• What is being asked: Report each line of the records where "Metric" occurs.

(Source data)
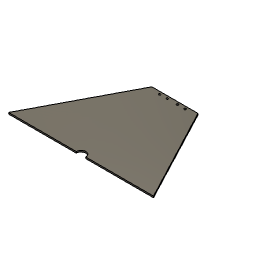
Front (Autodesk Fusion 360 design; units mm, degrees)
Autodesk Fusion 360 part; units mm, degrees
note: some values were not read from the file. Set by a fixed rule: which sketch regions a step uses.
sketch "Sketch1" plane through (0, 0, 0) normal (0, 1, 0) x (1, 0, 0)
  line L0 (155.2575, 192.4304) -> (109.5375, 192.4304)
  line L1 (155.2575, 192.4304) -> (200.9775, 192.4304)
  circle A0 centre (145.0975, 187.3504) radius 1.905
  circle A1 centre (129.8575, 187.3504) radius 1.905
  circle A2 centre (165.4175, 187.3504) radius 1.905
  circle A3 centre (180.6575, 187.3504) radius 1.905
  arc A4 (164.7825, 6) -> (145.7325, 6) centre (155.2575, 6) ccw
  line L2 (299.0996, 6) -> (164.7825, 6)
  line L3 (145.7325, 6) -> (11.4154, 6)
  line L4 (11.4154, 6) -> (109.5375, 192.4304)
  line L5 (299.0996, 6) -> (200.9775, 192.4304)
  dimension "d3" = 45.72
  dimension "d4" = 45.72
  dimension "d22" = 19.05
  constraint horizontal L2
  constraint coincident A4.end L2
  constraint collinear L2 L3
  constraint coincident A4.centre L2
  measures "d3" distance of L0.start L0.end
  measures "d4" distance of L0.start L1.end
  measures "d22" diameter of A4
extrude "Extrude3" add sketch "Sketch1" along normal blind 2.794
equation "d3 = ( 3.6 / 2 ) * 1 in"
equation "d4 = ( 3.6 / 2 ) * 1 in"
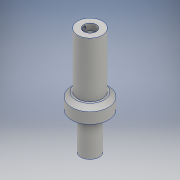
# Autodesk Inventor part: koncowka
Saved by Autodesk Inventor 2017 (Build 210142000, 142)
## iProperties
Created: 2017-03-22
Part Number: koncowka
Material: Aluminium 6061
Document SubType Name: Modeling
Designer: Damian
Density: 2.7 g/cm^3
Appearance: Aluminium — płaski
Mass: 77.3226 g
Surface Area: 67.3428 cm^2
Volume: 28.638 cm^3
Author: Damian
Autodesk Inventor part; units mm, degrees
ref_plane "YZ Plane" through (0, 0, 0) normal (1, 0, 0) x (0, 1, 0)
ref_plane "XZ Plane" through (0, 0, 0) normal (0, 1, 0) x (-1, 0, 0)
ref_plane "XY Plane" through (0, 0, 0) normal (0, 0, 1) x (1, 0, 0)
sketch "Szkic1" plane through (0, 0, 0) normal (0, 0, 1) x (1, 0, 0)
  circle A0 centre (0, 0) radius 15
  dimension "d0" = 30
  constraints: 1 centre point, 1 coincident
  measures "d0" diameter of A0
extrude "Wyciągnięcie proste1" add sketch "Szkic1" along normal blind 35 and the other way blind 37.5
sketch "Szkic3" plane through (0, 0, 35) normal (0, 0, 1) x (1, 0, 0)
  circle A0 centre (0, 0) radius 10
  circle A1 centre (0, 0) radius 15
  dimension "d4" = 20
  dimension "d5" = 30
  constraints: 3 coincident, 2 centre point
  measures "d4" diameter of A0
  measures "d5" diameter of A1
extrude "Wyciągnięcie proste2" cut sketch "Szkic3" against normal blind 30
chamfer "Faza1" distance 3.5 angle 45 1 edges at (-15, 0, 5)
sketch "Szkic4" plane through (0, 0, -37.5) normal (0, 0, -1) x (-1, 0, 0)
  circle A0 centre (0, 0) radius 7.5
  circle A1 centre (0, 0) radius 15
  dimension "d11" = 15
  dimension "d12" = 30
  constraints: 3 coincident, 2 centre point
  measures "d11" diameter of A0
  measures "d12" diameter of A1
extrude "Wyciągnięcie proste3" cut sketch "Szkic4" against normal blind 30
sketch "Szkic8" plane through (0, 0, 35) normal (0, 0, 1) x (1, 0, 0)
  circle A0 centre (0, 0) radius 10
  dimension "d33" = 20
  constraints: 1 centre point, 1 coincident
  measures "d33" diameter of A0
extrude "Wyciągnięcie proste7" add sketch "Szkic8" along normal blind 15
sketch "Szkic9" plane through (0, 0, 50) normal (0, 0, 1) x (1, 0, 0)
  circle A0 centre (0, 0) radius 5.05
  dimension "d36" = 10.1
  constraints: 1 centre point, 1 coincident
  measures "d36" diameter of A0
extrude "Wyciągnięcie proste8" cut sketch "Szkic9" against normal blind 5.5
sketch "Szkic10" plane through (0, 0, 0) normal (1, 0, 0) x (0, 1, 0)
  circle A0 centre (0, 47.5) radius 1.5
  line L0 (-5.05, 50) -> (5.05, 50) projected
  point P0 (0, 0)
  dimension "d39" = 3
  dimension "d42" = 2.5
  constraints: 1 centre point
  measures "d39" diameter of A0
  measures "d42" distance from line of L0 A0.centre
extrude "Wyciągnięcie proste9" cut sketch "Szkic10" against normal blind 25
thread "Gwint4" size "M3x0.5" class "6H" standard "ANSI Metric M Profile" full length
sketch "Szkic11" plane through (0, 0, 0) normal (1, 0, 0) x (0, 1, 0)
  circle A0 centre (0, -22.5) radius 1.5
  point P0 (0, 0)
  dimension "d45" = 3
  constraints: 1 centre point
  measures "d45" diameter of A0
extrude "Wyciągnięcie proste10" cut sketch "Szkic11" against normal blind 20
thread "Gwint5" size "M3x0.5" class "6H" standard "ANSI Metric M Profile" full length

• Answer box:
thread "Gwint4" size "M3x0.5" class "6H" standard "ANSI Metric M Profile" full length
thread "Gwint5" size "M3x0.5" class "6H" standard "ANSI Metric M Profile" full length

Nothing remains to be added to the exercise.